From Federated Learning to X-Learning: Breaking the Barriers of Decentrality Through Random Walks
Allan Salihovic, Payam Abdisarabshali, Michael Langberg, Seyyedali Hosseinalipour
TL;DR
XL reframes distributed ML by enabling ML models to act as autonomous walkers that traverse networks via multi-hop D2D transfers, thereby breaking rigid central-server or one-hop patterns. The framework formalizes a DoF-rich design space, including walker count, transition policies, local update budgets, memory, and inter-walker collaboration, and demonstrates single- and multi-walker strategies with elastic, perception-aware, and memory-enabled dynamics. Theoretical convergence results for time-varying transition matrices show $O(1/\sqrt{K})$ rates under standard assumptions, with corollaries linking visitation frequencies to data proportions.
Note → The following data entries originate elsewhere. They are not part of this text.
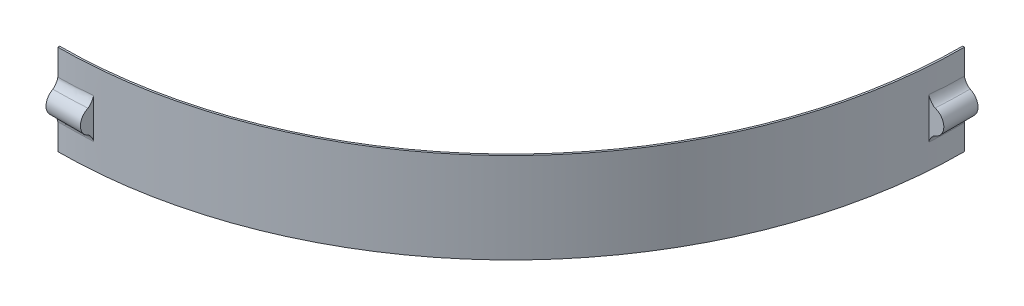
SolidWorks part; units mm, degrees
ref_plane "Front Plane" through (0, 0, 0) normal (0, 0, 1) x (1, 0, 0)
ref_plane "Top Plane" through (0, 0, 0) normal (0, 1, 0) x (1, 0, 0)
ref_plane "Right Plane" through (0, 0, 0) normal (1, 0, 0) x (0, 0, -1)
sketch "Sketch1" plane through (0, 0, 0) normal (0, 0, 1) x (1, 0, 0)
  line L0 (0, 3.3639) -> (0, -36.2756) construction
  line L1 (127.254, 12.7) -> (126.746, 12.7)
  line L2 (127.254, 12.7) -> (127.254, -12.7)
  line L3 (127.254, -12.7) -> (126.746, -12.7)
  line L4 (126.746, 12.7) -> (126.746, -12.7)
  line L5 (127.254, 12.7) -> (126.746, -12.7) construction
  line L6 (127.254, -12.7) -> (126.746, 12.7) construction
  point P0 (127, 0)
  dimension "D1" = 25.4
  dimension "D2" = 0.508
  dimension "D3" = 127
revolve "Revolve1" add sketch "Sketch1" angle 90 about L0
sketch "Sketch4" plane through (0, 0, 0) normal (-1, 0, 0) x (0, 0, 1)
  line L0 (126.746, 12.7) -> (126.746, -12.7) construction
  circle A0 centre (127, 0) radius 3.556
  point P2 (126.746, 0)
  dimension "D2" = 7.112
  dimension "D1" = 0.254
extrude "Boss-Extrude1" add sketch "Sketch4" against normal blind 9.652
sketch "Sketch6" plane through (9.652, 0, 0) normal (1, 0, 0) x (0, 0, -1)
  circle A0 centre (-127, 0) radius 3.175
  circle A2 centre (-127, 0) radius 3.556 construction
  dimension "D1" = 6.35
fillet "Fillet6" radius 2.54 2 edges at (7.112, 3.5556, 127.0551) (2.5454, -3.5486, 127.2285)
fillet "Fillet8" radius 2.54 2 edges at (7.112, -3.5269, 126.5463) (2.5454, 3.545, 126.7204)
sketch "Sketch7" plane through (0, 0, 0) normal (0, 0, -1) x (-1, 0, 0)
  line L0 (-127.254, -12.7) -> (-127.254, 12.7) construction
  circle A0 centre (-127.508, 0) radius 3.556
  point P2 (-127.254, 0)
  dimension "D1" = 7.112
  dimension "D2" = 0.254
extrude "Boss-Extrude2" add sketch "Sketch7" against normal blind 9.6012
sketch "Sketch8" plane through (0, 0, 9.6012) normal (0, 0, 1) x (1, 0, 0)
  circle A0 centre (127.508, 0) radius 3.175
  circle A1 centre (127.508, 0) radius 3.556 construction
  dimension "D1" = 6.35
fillet "Fillet11" radius 2.54 4 edges at (126.5463, 3.4235, 7.112) (126.7214, -3.4679, 2.4946) (127.0551, -3.527, 7.112) (127.2296, 3.5451, 2.4944)
sketch "Sketch9" plane through (0, 0, 0) normal (-1, 0, 0) x (0, 0, 1)
  circle A0 centre (127, 0) radius 3.175
  dimension "D1" = 6.35
extrude "Cut-Extrude1" cut sketch "Sketch9" against normal blind 9.525
sketch "Sketch10" plane through (0, 0, 0) normal (0, 0, -1) x (-1, 0, 0)
  circle A0 centre (-127.508, 0) radius 3.175
extrude "Cut-Extrude2" cut sketch "Sketch10" against normal blind 9.525
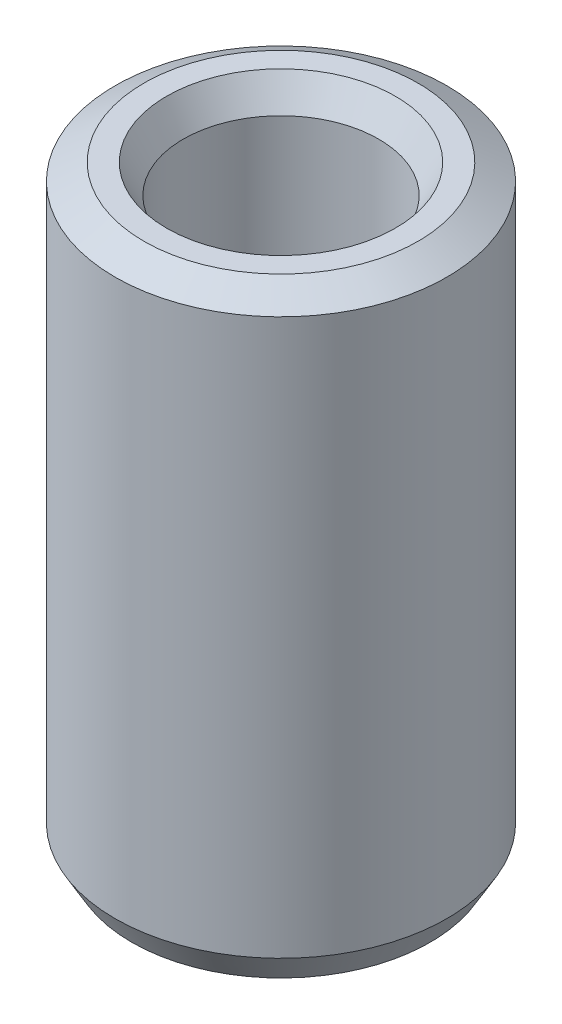
SolidWorks part; units mm, degrees
ref_plane "Front Plane" through (0, 0, 0) normal (0, 0, 1) x (1, 0, 0)
ref_plane "Top Plane" through (0, 0, 0) normal (0, 1, 0) x (1, 0, 0)
ref_plane "Right Plane" through (0, 0, 0) normal (1, 0, 0) x (0, 0, -1)
sketch "Sketch1" plane through (0, 0, 0) normal (0, 1, 0) x (1, 0, 0)
  circle A0 centre (0, 0) radius 37.5
  dimension "SLEEVE_OD" = 75
extrude "Boss-Extrude1" add sketch "Sketch1" along normal blind 135.8694
sketch "Sketch2" plane through (0, 0, 0) normal (0, 1, 0) x (1, 0, 0)
  circle A0 centre (0, 0) radius 22.0922
  dimension "BORE_D" = 44.1845
extrude "Cut-Extrude1" cut sketch "Sketch2" along normal through all
chamfer "Chamfer1" distance 3.7626 angle 60 4 edges at (0, 135.8694, 22.0922) (0, 0, 22.0922) (0, 0, 37.5) (0, 135.8694, 37.5) first distance on face at (0, 135.8694, 22.0922) first distance on face at (0, 0, 22.0922) first distance on face at (0, 135.8694, 37.5)
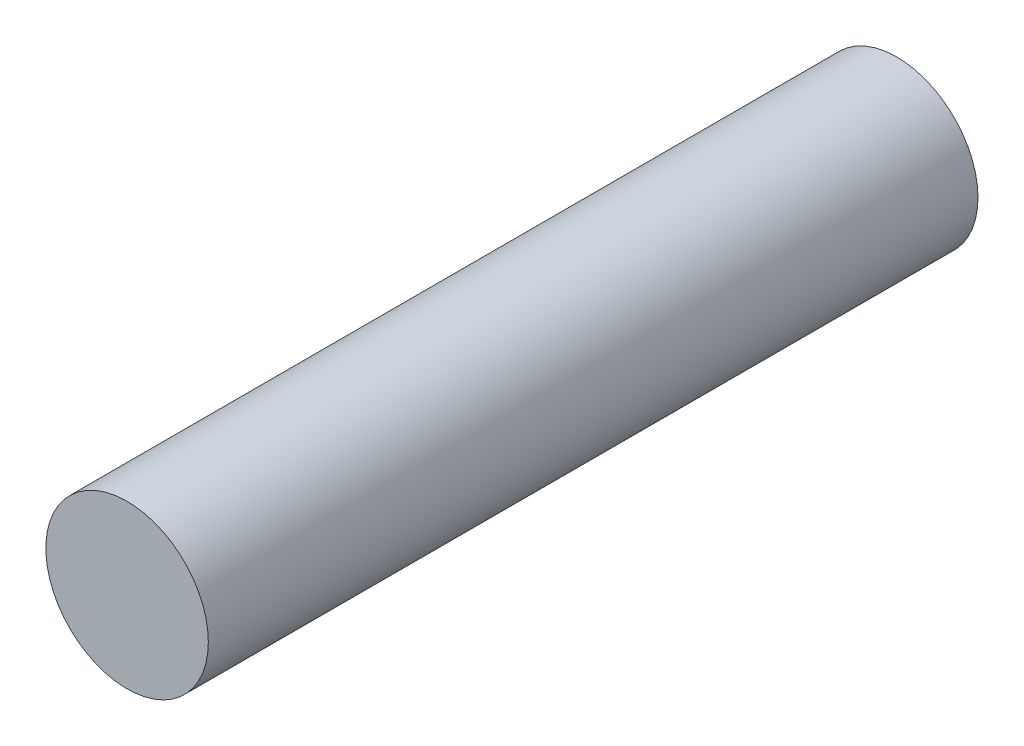
SolidWorks part; units mm, degrees
ref_plane "Front Plane" through (0, 0, 0) normal (0, 0, 1) x (1, 0, 0)
ref_plane "Top Plane" through (0, 0, 0) normal (0, 1, 0) x (1, 0, 0)
ref_plane "Right Plane" through (0, 0, 0) normal (1, 0, 0) x (0, 0, -1)
sketch "Sketch1" plane through (0, 0, 0) normal (0, 0, 1) x (1, 0, 0)
  circle A0 centre (0, 0) radius 24.13
  dimension "D1" = 48.26
extrude "Boss-Extrude1" add sketch "Sketch1" along normal blind 228.6
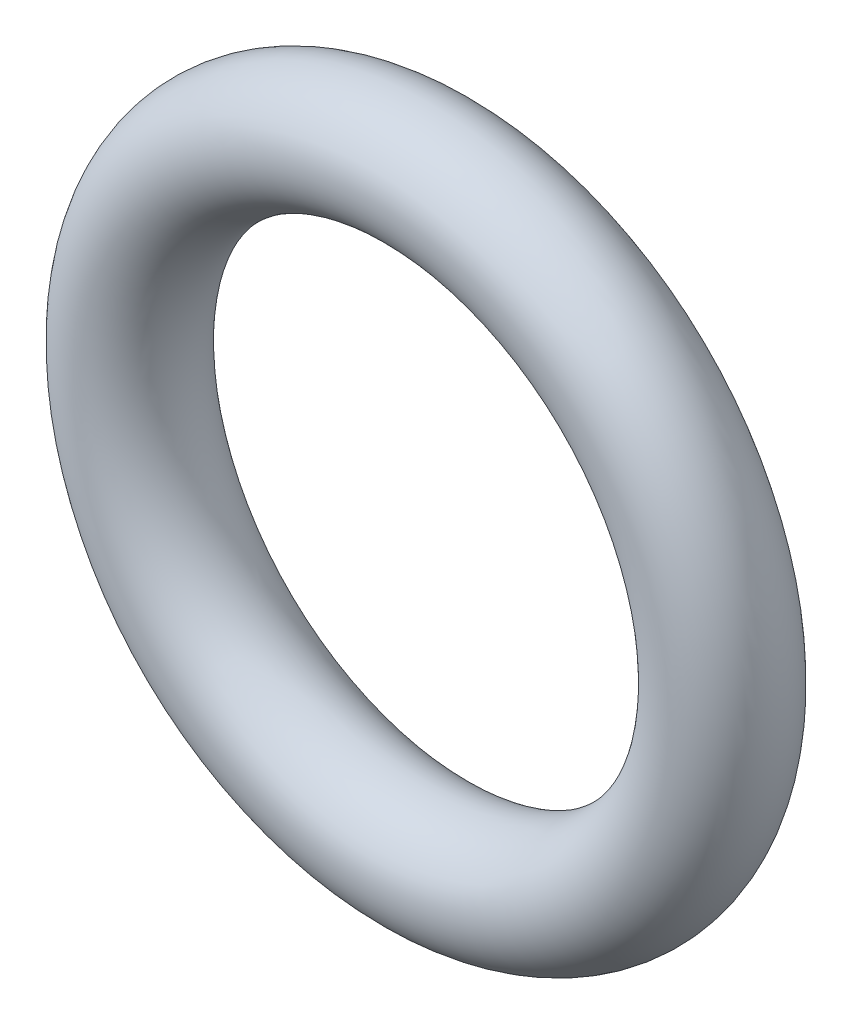
SolidWorks part; units mm, degrees
ref_plane "Front Plane" through (0, 0, 0) normal (0, 0, 1) x (1, 0, 0)
ref_plane "Top Plane" through (0, 0, 0) normal (0, 1, 0) x (1, 0, 0)
ref_plane "Right Plane" through (0, 0, 0) normal (1, 0, 0) x (0, 0, -1)
sketch "Sketch1" plane through (0, 0, 0) normal (1, 0, 0) x (0, 0, -1)
  circle A0 centre (0, 0) radius 1.6867
  dimension "D1" = 3.3734
sketch "Sketch2" plane through (0, 0, 0) normal (0, 0, 1) x (1, 0, 0)
  circle A0 centre (0, -8.4336) radius 8.4336
  dimension "D1" = 16.8672
sweep "Sweep1" add profiles "Sketch1" path "Sketch2"
ref_point "Point1" parameters "D1"=0.762
sketch "Sketch3" plane through (0, 0, 0) normal (0, 0, 1) x (1, 0, 0)
  line L0 (0, -1.6867) -> (0, -15.1805) construction
  circle A0 centre (0, -8.4336) radius 6.7469 construction
  circle A1 centre (0, -8.4336) radius 6.7469
  point P3 (-4.7625, -3.6546)
  point P4 (4.7625, -3.6546)
  point P5 (4.7625, -13.2126)
  point P6 (-4.7625, -13.2126)
  dimension "D1" = 9.525
  dimension "D2" = 9.525
ref_point "Point2"
ref_point "Point3"
ref_point "Point4"
ref_point "Point5"
sketch "Sketch4" plane through (0, 0, 0) normal (1, 0, 0) x (0, 0, -1)
  point P0 (1.6294, -17.2048)
ref_point "Point6"
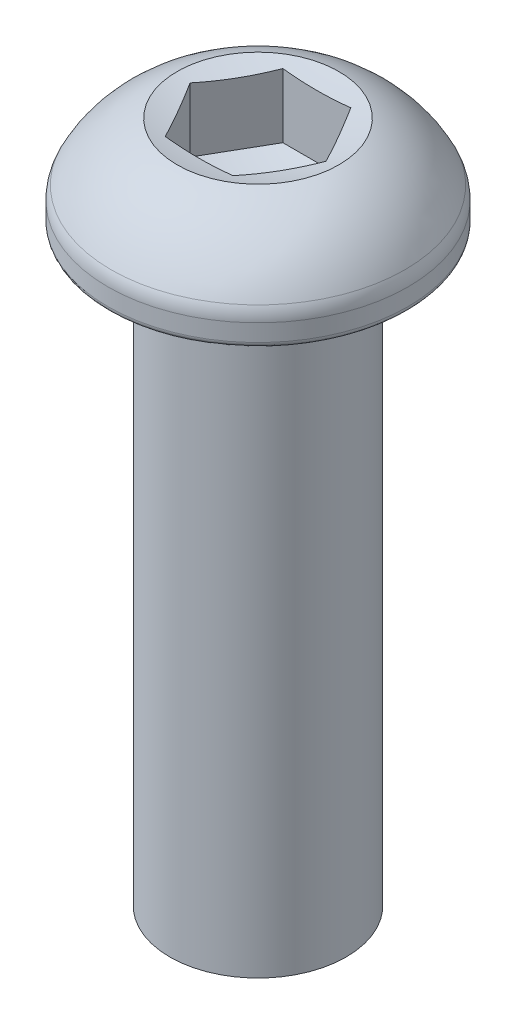
SolidWorks part; units mm, degrees
note: '?' marks a value the reader was unsure of.
material "304 STAINLESS STEEL"
ref_plane "Front Plane" through (0, 0, 0) normal (0, 0, 1) x (1, 0, 0)
ref_plane "Top Plane" through (0, 0, 0) normal (0, 1, 0) x (1, 0, 0)
ref_plane "Right Plane" through (0, 0, 0) normal (1, 0, 0) x (0, 0, -1)
ref_axis "X-Axis" through (-88.99, 0, 0) along (1, 0, 0)?
ref_axis "Y-Axis" through (0, 55, 0) along (0, -1, 0)
ref_axis "Z-Axis" through (0, 0, -88.99) along (0, 0, 1)?
sketch "Sketch1" plane through (0, 0, 0) normal (0, 0, 1) x (1, 0, 0)
  line L0 (0, 0) -> (5.1, 0)
  line L1 (5.1, 0) -> (5.1, 1)
  line L2 (0, 0) -> (0, 3.2)
  line L3 (0, 3.2) -> (2.75, 3.2)
  arc A0 (2.75, 3.2) -> (5.1, 1) centre (1.4224, -0.5733) cw
  dimension "D5" = 4
  dimension "D1" = 5.1
  dimension "D2" = 3.2
  dimension "D3" = 2.75
  dimension "D4" = 1
revolve "Revolve1" add sketch "Sketch1" angle 360 about axis through (0, 55, 0) along (0, -1, 0)
fillet "Fillet1" radius 0.2 1 edges at (0, 0, 5.1)
fillet "Fillet2" radius 1 1 edges at (0, 1, 5.1)
sketch "Sketch2" plane through (0, 0, 0) normal (0, -1, 0) x (1, 0, 0)
  circle A0 centre (0, 0) radius 3
  dimension "D1" = 6
extrude "Boss-Extrude1" add sketch "Sketch2" along normal blind 20
thread "Thread1" [suppressed] pitch 1 start angle 0, offset 2, length 0, pitch 1, diameter 6
ref_plane "Plane1" through (3, -22, 0) normal (0, 0, 1) x (1, 0, 0)
sketch "Thread Profile1" plane through (3, -22, 0) normal (0, 0, 1) x (1, 0, 0)
  line L0 (0, 0) -> (0, 1) construction
  line L11 (0, 0) -> (0, 0.875)
  line L12 (0, 0.875) -> (-0.5413, 0.5625)
  line L13 (-0.5413, 0.5625) -> (-0.5413, 0.3125)
  line L15 (-0.5413, 0.3125) -> (0, 0)
  line L17 (-0.5413, 0.4375) -> (0, 0.4375) construction
  point P2 (0, 0)
  dimension "Pitch" = 1
  dimension "Profile_Angle" = 60
  dimension "Profile_Land" = 0.25
  dimension "Profile_Height" = 0.5413
sketch "Sketch6" plane through (0, 0, 0) normal (0, 0, 1) x (1, 0, 0)
  line L0 (0, 0) -> (0, 3.2)
  line L1 (2.75, 3.2) -> (-2.75, 3.2) construction
  line L2 (0, 3.2) -> (2.75, 3.2)
  line L3 (0, 0) -> (4.9, 0)
  line L4 (4.9, 0) -> (2.75, 3.2)
  arc A0 (4.9925, 1.2306) -> (2.75, 3.2) centre (1.4224, -0.5733) ccw construction
revolve "Revolve2" add sketch "Sketch6" angle 360 about axis through (0, 55, 0) along (0, -1, 0)
sketch "Sketch7" plane through (0, 3.2, 0) normal (0, 1, 0) x (1, 0, 0)
  line L1 (1.1547, -2) -> (2.3094, 0)
  line L2 (2.3094, 0) -> (1.1547, 2)
  line L3 (1.1547, 2) -> (-1.1547, 2)
  line L4 (-1.1547, 2) -> (-2.3094, 0)
  line L5 (-2.3094, 0) -> (-1.1547, -2)
  line L6 (-1.1547, -2) -> (1.1547, -2)
  circle A0 centre (0, 0) radius 2 construction
  dimension "D1" = 4
extrude "Cut-Extrude1" cut sketch "Sketch7" against normal blind 2.3
sketch "Sketch8" plane through (0, 0, 0) normal (0, 0, 1) x (1, 0, 0)
  line L0 (0, 0.9) -> (0, 0.5)
  line L1 (0, 0.9) -> (2.3094, 0.9)
  line L2 (1.1547, 0.9) -> (-1.1547, 0.9) construction
  line L3 (1.1547, 0.9) -> (-1.1547, 0.9) construction
  line L4 (-2.3094, 0.9) -> (-2.3094, 3.2) construction
  line L5 (-2.3094, 0.9) -> (-2.3094, 3.2) construction
  line L6 (2.3094, 0.9) -> (2.3094, 3.2) construction
  line L7 (2.3094, 0.9) -> (2.3094, 3.2) construction
  line L8 (0, 0.5) -> (0.25, 0.5)
  arc A1 (0.25, 0.5) -> (2.3094, 0.9) centre (0.25, 6.0014) ccw
  dimension "D2" = 0.25
  dimension "D1" = 0.4
revolve "Cut-Revolve1" cut sketch "Sketch8" angle 360 about axis through (0, 55, 0) along (0, -1, 0)
sketch "Sketch9" plane through (0, 0, 0) normal (0, 0, 1) x (1, 0, 0)
  line L0 (2.75, 3.2) -> (-2.75, 3.2) construction
  line L1 (2.75, 3.2) -> (-2.75, 3.2)
  line L2 (0, 3.2) -> (0, 2.8144)
  line L3 (0, 2.8144) -> (-2.75, 2.8144) construction
  arc A0 (2.75, 3.2) -> (0, 2.8144) centre (0, 12.8144) cw
  dimension "D1" = 10
revolve "Cut-Revolve2" cut sketch "Sketch9" angle 360 about axis through (0, 55, 0) along (0, -1, 0)
sketch "Sketch10" [suppressed] plane through (0, 0, 0) normal (0, 0, 1) x (1, 0, 0)
  line L0 (3, -19.6) -> (3, -20)
  line L1 (3, -20) -> (2.4, -20)
  line L2 (2.4, -20) -> (3, -19.6)
  line L3 (-2.2716, -20) -> (2.1213, -20) construction
  line L4 (3, -19.125) -> (3, -19) construction
  dimension "D1" = 0.4
  dimension "D2" = 0.6
revolve "Cut-Revolve3" [suppressed] cut sketch "Sketch10" angle 360 about axis through (0, 55, 0) along (0, -1, 0)

Practically, XL offers resource-efficient, topology-aware, scalable learning for heterogeneous, dynamic networks, with potential impacts on 6G IoT, vehicular networks, and large-scale social graphs.
Abstract
We provide our perspective on X-Learning (XL), a novel distributed learning architecture that generalizes and extends the concept of decentralization. Our goal is to present a vision for XL, introducing its unexplored design considerations and degrees of freedom. To this end, we shed light on the intuitive yet non-trivial connections between XL, graph theory, and Markov chains. We also present a series of open research directions to stimulate further research.